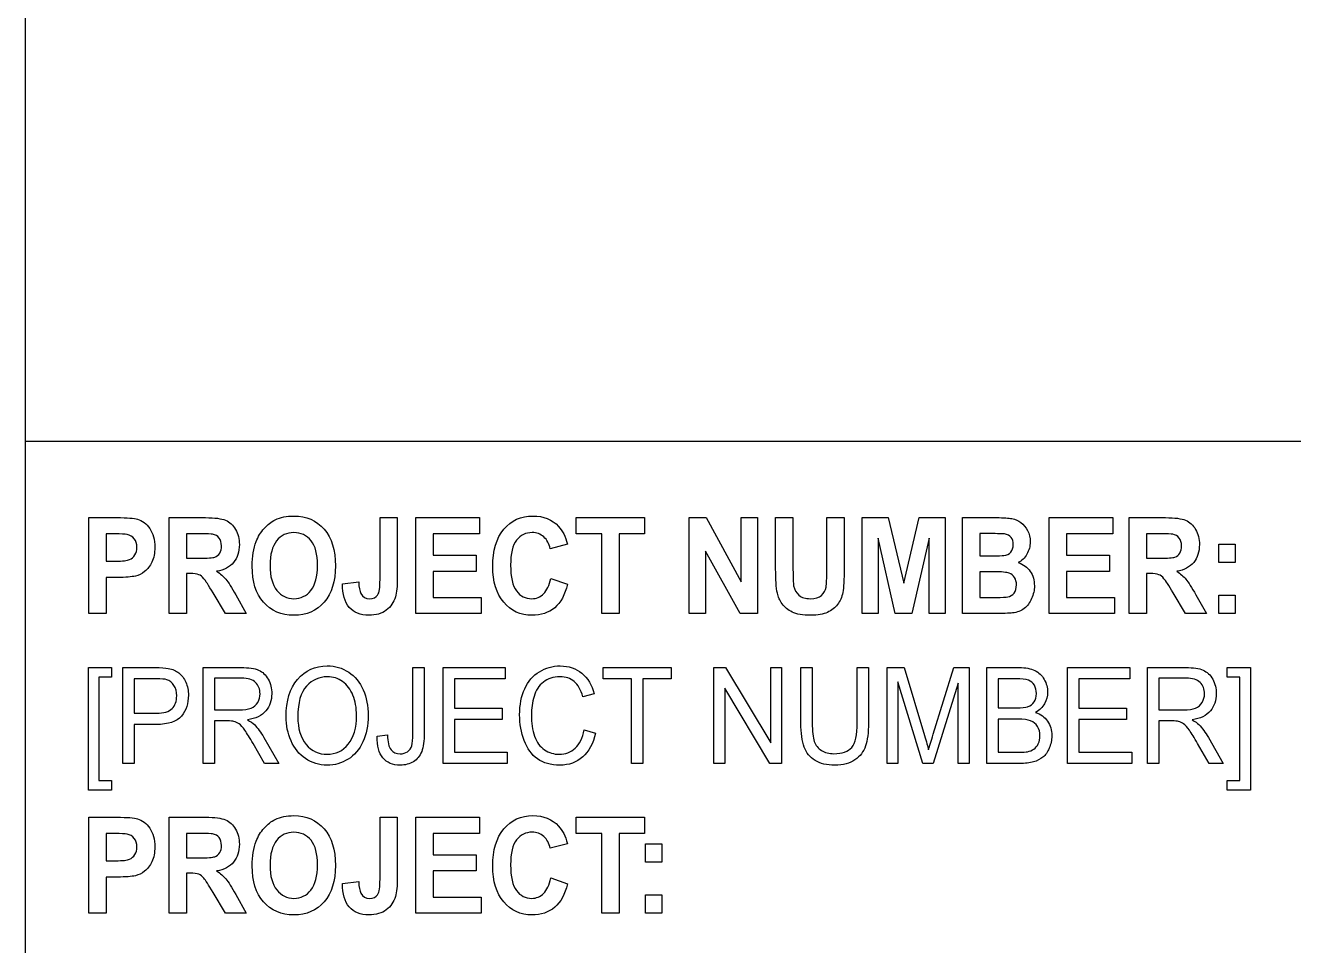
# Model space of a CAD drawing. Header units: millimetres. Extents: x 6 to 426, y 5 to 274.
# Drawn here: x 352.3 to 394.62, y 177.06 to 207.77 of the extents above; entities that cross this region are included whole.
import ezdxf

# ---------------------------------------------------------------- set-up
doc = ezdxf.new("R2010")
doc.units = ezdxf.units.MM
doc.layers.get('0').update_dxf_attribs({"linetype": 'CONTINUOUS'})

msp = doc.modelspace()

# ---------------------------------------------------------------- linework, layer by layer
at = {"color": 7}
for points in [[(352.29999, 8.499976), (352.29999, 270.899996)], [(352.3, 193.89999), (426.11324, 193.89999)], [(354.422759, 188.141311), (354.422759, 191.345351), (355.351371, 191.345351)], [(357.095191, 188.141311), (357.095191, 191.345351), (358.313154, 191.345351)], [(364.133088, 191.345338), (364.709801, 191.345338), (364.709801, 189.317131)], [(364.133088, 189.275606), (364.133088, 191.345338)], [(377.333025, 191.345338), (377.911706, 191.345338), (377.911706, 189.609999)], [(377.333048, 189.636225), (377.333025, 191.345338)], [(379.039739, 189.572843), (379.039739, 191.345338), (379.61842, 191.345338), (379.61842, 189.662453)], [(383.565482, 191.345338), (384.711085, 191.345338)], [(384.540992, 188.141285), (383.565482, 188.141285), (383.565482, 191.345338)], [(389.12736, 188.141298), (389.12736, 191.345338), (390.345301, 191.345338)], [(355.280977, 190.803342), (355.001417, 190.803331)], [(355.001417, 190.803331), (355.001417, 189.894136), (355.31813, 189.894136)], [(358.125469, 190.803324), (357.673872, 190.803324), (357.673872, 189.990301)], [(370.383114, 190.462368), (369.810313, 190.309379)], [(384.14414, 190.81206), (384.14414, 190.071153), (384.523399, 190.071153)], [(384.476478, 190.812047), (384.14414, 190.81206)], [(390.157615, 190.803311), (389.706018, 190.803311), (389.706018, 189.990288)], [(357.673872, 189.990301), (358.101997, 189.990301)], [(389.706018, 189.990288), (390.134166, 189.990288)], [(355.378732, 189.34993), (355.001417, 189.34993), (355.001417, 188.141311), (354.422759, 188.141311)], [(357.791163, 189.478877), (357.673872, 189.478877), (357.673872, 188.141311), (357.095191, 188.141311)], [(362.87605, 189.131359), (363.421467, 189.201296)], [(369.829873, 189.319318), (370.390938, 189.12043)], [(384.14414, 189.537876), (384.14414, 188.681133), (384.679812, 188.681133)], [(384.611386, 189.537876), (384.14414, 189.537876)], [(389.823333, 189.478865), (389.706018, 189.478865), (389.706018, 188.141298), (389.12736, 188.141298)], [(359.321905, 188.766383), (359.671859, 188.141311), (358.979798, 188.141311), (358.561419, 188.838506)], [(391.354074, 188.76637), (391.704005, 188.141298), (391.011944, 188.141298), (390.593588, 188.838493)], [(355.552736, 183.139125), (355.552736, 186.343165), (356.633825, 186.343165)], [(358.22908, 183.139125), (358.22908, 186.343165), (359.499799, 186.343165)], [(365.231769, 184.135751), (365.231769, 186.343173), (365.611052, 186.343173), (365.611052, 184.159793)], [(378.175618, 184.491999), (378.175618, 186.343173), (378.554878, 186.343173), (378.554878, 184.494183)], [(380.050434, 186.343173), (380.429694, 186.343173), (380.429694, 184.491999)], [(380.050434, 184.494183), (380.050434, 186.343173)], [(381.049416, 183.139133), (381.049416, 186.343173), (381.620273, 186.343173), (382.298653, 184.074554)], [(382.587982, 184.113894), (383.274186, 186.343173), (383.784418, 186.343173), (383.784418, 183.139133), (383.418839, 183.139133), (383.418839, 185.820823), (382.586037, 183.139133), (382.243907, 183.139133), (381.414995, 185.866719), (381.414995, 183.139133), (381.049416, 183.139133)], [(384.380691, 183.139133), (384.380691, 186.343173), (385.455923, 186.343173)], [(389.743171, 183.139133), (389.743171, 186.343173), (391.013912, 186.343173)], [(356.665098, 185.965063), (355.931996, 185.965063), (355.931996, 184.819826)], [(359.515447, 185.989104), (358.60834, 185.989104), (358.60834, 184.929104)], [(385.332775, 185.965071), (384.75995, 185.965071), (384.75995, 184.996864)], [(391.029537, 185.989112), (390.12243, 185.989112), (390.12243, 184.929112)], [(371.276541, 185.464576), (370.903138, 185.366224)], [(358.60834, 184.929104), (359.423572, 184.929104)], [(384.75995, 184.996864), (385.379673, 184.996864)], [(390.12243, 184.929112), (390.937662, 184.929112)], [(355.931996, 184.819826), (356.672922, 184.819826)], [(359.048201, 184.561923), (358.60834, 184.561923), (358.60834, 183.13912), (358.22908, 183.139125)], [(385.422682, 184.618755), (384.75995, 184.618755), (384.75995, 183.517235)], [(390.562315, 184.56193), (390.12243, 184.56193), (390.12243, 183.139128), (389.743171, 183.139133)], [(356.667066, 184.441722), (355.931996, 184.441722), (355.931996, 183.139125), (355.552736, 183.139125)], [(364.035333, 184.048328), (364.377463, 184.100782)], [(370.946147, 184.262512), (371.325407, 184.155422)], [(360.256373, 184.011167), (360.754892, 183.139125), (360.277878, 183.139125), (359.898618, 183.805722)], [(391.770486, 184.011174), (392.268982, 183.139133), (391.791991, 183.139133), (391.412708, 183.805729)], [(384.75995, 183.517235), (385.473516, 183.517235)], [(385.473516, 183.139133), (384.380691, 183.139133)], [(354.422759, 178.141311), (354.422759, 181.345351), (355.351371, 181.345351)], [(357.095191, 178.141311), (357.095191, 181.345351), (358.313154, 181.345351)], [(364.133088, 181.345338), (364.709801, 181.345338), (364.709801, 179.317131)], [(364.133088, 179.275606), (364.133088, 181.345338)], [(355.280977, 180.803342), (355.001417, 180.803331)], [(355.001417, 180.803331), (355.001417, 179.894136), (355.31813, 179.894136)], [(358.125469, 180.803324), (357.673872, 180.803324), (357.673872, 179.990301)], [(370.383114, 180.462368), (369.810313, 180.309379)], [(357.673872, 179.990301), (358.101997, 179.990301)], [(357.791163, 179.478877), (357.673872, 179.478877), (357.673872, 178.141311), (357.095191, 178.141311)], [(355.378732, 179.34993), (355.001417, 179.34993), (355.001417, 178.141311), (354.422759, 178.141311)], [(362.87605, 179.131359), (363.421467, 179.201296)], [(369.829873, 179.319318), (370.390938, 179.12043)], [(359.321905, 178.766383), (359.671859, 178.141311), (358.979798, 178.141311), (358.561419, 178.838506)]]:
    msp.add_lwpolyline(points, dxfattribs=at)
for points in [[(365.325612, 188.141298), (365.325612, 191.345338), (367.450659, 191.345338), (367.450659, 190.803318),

-------

Omit the pictures and reproduce the listing exactly.

● Solution for this problem
# Model space of a CAD drawing. Header units: millimetres. Extents: x 6 to 426, y 5 to 274.
# Drawn here: x 352.3 to 394.62, y 177.06 to 207.77 of the extents above; entities that cross this region are included whole.
import ezdxf

# ---------------------------------------------------------------- set-up
doc = ezdxf.new("R2010")
doc.units = ezdxf.units.MM
doc.layers.get('0').update_dxf_attribs({"linetype": 'CONTINUOUS'})

msp = doc.modelspace()

# ---------------------------------------------------------------- linework, layer by layer
at = {"color": 7}
for points in [[(352.29999, 8.499976), (352.29999, 270.899996)], [(352.3, 193.89999), (426.11324, 193.89999)], [(354.422759, 188.141311), (354.422759, 191.345351), (355.351371, 191.345351)], [(357.095191, 188.141311), (357.095191, 191.345351), (358.313154, 191.345351)], [(364.133088, 191.345338), (364.709801, 191.345338), (364.709801, 189.317131)], [(364.133088, 189.275606), (364.133088, 191.345338)], [(377.333025, 191.345338), (377.911706, 191.345338), (377.911706, 189.609999)], [(377.333048, 189.636225), (377.333025, 191.345338)], [(379.039739, 189.572843), (379.039739, 191.345338), (379.61842, 191.345338), (379.61842, 189.662453)], [(383.565482, 191.345338), (384.711085, 191.345338)], [(384.540992, 188.141285), (383.565482, 188.141285), (383.565482, 191.345338)], [(389.12736, 188.141298), (389.12736, 191.345338), (390.345301, 191.345338)], [(355.280977, 190.803342), (355.001417, 190.803331)], [(355.001417, 190.803331), (355.001417, 189.894136), (355.31813, 189.894136)], [(358.125469, 190.803324), (357.673872, 190.803324), (357.673872, 189.990301)], [(370.383114, 190.462368), (369.810313, 190.309379)], [(384.14414, 190.81206), (384.14414, 190.071153), (384.523399, 190.071153)], [(384.476478, 190.812047), (384.14414, 190.81206)], [(390.157615, 190.803311), (389.706018, 190.803311), (389.706018, 189.990288)], [(357.673872, 189.990301), (358.101997, 189.990301)], [(389.706018, 189.990288), (390.134166, 189.990288)], [(355.378732, 189.34993), (355.001417, 189.34993), (355.001417, 188.141311), (354.422759, 188.141311)], [(357.791163, 189.478877), (357.673872, 189.478877), (357.673872, 188.141311), (357.095191, 188.141311)], [(362.87605, 189.131359), (363.421467, 189.201296)], [(369.829873, 189.319318), (370.390938, 189.12043)], [(384.14414, 189.537876), (384.14414, 188.681133), (384.679812, 188.681133)], [(384.611386, 189.537876), (384.14414, 189.537876)], [(389.823333, 189.478865), (389.706018, 189.478865), (389.706018, 188.141298), (389.12736, 188.141298)], [(359.321905, 188.766383), (359.671859, 188.141311), (358.979798, 188.141311), (358.561419, 188.838506)], [(391.354074, 188.76637), (391.704005, 188.141298), (391.011944, 188.141298), (390.593588, 188.838493)], [(355.552736, 183.139125), (355.552736, 186.343165), (356.633825, 186.343165)], [(358.22908, 183.139125), (358.22908, 186.343165), (359.499799, 186.343165)], [(365.231769, 184.135751), (365.231769, 186.343173), (365.611052, 186.343173), (365.611052, 184.159793)], [(378.175618, 184.491999), (378.175618, 186.343173), (378.554878, 186.343173), (378.554878, 184.494183)], [(380.050434, 186.343173), (380.429694, 186.343173), (380.429694, 184.491999)], [(380.050434, 184.494183), (380.050434, 186.343173)], [(381.049416, 183.139133), (381.049416, 186.343173), (381.620273, 186.343173), (382.298653, 184.074554)], [(382.587982, 184.113894), (383.274186, 186.343173), (383.784418, 186.343173), (383.784418, 183.139133), (383.418839, 183.139133), (383.418839, 185.820823), (382.586037, 183.139133), (382.243907, 183.139133), (381.414995, 185.866719), (381.414995, 183.139133), (381.049416, 183.139133)], [(384.380691, 183.139133), (384.380691, 186.343173), (385.455923, 186.343173)], [(389.743171, 183.139133), (389.743171, 186.343173), (391.013912, 186.343173)], [(356.665098, 185.965063), (355.931996, 185.965063), (355.931996, 184.819826)], [(359.515447, 185.989104), (358.60834, 185.989104), (358.60834, 184.929104)], [(385.332775, 185.965071), (384.75995, 185.965071), (384.75995, 184.996864)], [(391.029537, 185.989112), (390.12243, 185.989112), (390.12243, 184.929112)], [(371.276541, 185.464576), (370.903138, 185.366224)], [(358.60834, 184.929104), (359.423572, 184.929104)], [(384.75995, 184.996864), (385.379673, 184.996864)], [(390.12243, 184.929112), (390.937662, 184.929112)], [(355.931996, 184.819826), (356.672922, 184.819826)], [(359.048201, 184.561923), (358.60834, 184.561923), (358.60834, 183.13912), (358.22908, 183.139125)], [(385.422682, 184.618755), (384.75995, 184.618755), (384.75995, 183.517235)], [(390.562315, 184.56193), (390.12243, 184.56193), (390.12243, 183.139128), (389.743171, 183.139133)], [(356.667066, 184.441722), (355.931996, 184.441722), (355.931996, 183.139125), (355.552736, 183.139125)], [(364.035333, 184.048328), (364.377463, 184.100782)], [(370.946147, 184.262512), (371.325407, 184.155422)], [(360.256373, 184.011167), (360.754892, 183.139125), (360.277878, 183.139125), (359.898618, 183.805722)], [(391.770486, 184.011174), (392.268982, 183.139133), (391.791991, 183.139133), (391.412708, 183.805729)], [(384.75995, 183.517235), (385.473516, 183.517235)], [(385.473516, 183.139133), (384.380691, 183.139133)], [(354.422759, 178.141311), (354.422759, 181.345351), (355.351371, 181.345351)], [(357.095191, 178.141311), (357.095191, 181.345351), (358.313154, 181.345351)], [(364.133088, 181.345338), (364.709801, 181.345338), (364.709801, 179.317131)], [(364.133088, 179.275606), (364.133088, 181.345338)], [(355.280977, 180.803342), (355.001417, 180.803331)], [(355.001417, 180.803331), (355.001417, 179.894136), (355.31813, 179.894136)], [(358.125469, 180.803324), (357.673872, 180.803324), (357.673872, 179.990301)], [(370.383114, 180.462368), (369.810313, 180.309379)], [(357.673872, 179.990301), (358.101997, 179.990301)], [(357.791163, 179.478877), (357.673872, 179.478877), (357.673872, 178.141311), (357.095191, 178.141311)], [(355.378732, 179.34993), (355.001417, 179.34993), (355.001417, 178.141311), (354.422759, 178.141311)], [(362.87605, 179.131359), (363.421467, 179.201296)], [(369.829873, 179.319318), (370.390938, 179.12043)], [(359.321905, 178.766383), (359.671859, 178.141311), (358.979798, 178.141311), (358.561419, 178.838506)]]:
    msp.add_lwpolyline(points, dxfattribs=at)
for points in [[(365.325612, 188.141298), (365.325612, 191.345338), (367.450659, 191.345338), (367.450659, 190.803318),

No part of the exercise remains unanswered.